> **Work to complete**
First find the line with "#132=ORIENTED_EDGE('',*,*,#54,.F.);" in the entries below, then set down exactly every line through the line with "#139=ORIENTED_EDGE('',*,*,#109,.T.);", that line included.

> **Extracted information**
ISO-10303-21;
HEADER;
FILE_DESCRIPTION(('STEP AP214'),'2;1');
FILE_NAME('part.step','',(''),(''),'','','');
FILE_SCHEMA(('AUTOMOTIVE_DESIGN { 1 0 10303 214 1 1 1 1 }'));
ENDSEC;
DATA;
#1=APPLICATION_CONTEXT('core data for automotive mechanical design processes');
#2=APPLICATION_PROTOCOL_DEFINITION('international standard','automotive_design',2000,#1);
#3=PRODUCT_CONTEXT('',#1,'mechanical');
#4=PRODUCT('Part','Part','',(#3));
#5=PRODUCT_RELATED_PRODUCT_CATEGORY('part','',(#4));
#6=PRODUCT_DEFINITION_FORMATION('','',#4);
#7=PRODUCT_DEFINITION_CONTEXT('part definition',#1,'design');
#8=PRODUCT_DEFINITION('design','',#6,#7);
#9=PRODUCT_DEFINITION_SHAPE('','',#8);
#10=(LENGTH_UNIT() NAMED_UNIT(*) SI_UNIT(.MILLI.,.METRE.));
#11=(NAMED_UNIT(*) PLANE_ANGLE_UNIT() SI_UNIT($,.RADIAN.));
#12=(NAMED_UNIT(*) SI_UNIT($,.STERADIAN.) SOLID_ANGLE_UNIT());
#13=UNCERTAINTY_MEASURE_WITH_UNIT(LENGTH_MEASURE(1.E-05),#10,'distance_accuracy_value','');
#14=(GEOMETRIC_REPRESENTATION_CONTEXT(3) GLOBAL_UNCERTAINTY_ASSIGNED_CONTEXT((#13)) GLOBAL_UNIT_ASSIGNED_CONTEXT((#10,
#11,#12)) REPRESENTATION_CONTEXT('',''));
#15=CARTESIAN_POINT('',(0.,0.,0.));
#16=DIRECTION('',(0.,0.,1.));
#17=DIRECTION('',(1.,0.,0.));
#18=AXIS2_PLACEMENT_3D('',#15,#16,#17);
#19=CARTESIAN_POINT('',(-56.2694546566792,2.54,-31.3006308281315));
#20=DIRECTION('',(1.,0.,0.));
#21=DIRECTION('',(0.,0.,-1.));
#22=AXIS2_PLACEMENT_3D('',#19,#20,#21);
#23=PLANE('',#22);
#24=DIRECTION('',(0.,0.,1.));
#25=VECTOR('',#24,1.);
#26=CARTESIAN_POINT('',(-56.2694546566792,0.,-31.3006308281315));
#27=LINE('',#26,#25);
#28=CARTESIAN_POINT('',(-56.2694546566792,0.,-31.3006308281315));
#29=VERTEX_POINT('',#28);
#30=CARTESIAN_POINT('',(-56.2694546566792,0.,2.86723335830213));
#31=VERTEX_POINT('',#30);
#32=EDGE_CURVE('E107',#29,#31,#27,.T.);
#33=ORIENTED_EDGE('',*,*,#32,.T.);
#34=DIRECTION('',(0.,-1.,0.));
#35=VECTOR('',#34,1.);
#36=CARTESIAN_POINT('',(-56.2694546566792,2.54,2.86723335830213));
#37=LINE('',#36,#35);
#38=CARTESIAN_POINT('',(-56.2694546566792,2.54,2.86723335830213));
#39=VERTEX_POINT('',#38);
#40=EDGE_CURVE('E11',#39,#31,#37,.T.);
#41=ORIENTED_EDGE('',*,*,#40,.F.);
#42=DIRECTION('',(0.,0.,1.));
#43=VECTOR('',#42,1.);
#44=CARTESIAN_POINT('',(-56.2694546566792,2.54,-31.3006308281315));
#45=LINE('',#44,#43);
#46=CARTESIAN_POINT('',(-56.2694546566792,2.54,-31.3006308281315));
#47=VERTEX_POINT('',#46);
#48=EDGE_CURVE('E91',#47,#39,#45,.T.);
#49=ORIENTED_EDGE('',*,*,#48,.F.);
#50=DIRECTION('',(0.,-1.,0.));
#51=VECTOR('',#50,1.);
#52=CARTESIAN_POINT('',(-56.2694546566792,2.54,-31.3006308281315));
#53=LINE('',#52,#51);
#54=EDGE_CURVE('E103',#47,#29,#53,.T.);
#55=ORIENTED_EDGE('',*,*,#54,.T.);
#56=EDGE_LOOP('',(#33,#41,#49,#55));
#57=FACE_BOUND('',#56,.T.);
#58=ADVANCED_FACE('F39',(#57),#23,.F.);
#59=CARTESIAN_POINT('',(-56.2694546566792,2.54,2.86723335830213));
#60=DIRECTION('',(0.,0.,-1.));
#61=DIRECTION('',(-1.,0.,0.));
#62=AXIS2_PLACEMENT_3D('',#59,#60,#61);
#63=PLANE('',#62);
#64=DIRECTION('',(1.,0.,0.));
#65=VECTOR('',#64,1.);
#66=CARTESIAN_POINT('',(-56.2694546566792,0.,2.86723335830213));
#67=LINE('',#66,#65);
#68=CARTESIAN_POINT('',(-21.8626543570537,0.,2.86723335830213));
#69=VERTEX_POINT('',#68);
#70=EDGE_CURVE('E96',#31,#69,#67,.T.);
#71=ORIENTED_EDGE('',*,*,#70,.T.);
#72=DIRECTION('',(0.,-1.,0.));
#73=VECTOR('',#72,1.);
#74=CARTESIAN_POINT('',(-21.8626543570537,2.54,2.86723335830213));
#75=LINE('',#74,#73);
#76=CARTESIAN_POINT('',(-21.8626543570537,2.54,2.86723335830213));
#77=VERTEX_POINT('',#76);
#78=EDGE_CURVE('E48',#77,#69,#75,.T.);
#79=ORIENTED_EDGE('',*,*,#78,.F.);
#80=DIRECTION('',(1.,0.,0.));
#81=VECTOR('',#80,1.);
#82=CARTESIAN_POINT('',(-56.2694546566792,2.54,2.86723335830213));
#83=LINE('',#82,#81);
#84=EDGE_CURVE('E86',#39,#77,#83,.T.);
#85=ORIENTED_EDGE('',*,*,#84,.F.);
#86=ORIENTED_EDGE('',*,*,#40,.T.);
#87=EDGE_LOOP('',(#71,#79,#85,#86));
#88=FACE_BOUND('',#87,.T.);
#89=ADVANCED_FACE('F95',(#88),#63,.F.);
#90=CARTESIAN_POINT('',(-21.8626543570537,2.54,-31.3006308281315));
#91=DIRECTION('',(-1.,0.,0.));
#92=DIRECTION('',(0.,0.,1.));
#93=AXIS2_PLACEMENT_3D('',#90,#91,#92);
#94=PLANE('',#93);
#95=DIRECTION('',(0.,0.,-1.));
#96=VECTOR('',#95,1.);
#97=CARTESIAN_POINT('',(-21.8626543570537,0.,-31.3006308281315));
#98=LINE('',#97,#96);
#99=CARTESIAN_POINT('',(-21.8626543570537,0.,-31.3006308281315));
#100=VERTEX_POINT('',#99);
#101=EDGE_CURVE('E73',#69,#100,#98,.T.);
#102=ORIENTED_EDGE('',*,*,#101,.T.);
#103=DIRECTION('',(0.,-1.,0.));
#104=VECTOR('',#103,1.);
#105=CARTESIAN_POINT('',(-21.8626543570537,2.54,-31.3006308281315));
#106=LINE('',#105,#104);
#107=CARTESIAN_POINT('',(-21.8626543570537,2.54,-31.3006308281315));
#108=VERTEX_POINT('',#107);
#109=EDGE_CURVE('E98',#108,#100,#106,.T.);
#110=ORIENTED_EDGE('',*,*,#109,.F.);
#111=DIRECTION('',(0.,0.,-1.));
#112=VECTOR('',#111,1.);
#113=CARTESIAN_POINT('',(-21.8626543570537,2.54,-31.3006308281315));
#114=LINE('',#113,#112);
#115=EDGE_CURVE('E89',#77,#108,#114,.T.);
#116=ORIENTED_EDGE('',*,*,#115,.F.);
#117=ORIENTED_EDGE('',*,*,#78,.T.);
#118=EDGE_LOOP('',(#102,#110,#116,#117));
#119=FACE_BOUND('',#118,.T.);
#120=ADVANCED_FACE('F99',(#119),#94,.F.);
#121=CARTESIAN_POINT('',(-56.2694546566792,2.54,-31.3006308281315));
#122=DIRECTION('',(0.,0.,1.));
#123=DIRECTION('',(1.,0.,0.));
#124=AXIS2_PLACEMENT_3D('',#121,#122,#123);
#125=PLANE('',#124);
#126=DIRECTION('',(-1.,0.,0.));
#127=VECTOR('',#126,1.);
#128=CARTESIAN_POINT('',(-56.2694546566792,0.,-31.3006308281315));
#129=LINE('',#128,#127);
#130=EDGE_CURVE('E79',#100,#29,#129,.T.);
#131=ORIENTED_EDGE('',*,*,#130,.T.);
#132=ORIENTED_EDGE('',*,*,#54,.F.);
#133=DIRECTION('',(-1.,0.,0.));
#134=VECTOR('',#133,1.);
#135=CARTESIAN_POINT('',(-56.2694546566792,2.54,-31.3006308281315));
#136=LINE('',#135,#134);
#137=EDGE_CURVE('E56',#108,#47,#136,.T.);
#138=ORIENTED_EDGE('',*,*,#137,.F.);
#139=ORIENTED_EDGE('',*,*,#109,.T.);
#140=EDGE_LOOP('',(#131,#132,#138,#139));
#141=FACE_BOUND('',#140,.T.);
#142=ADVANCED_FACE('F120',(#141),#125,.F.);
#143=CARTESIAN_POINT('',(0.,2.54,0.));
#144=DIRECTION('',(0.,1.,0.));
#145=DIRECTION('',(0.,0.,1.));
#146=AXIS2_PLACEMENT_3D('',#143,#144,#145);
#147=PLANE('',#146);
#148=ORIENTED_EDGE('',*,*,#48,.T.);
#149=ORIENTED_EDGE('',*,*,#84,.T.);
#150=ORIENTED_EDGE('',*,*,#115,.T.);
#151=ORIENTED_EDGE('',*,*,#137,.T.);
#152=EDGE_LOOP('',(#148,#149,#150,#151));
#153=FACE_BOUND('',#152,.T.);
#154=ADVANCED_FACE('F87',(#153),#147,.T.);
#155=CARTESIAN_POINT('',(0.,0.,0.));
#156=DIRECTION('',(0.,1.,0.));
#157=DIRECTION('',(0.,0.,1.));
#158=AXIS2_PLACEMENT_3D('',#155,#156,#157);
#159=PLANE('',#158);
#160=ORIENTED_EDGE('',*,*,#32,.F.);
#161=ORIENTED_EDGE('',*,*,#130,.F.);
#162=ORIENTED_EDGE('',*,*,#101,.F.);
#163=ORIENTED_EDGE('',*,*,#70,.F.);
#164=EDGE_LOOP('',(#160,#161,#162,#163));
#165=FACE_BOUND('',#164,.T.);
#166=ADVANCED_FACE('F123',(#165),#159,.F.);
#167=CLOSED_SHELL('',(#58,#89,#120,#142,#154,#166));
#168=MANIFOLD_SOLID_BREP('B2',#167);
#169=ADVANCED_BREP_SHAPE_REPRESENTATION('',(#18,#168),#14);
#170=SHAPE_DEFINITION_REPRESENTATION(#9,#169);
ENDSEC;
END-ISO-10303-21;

> **Written response**
#132=ORIENTED_EDGE('',*,*,#54,.F.);
#133=DIRECTION('',(-1.,0.,0.));
#134=VECTOR('',#133,1.);
#135=CARTESIAN_POINT('',(-56.2694546566792,2.54,-31.3006308281315));
#136=LINE('',#135,#134);
#137=EDGE_CURVE('E56',#108,#47,#136,.T.);
#138=ORIENTED_EDGE('',*,*,#137,.F.);
#139=ORIENTED_EDGE('',*,*,#109,.T.);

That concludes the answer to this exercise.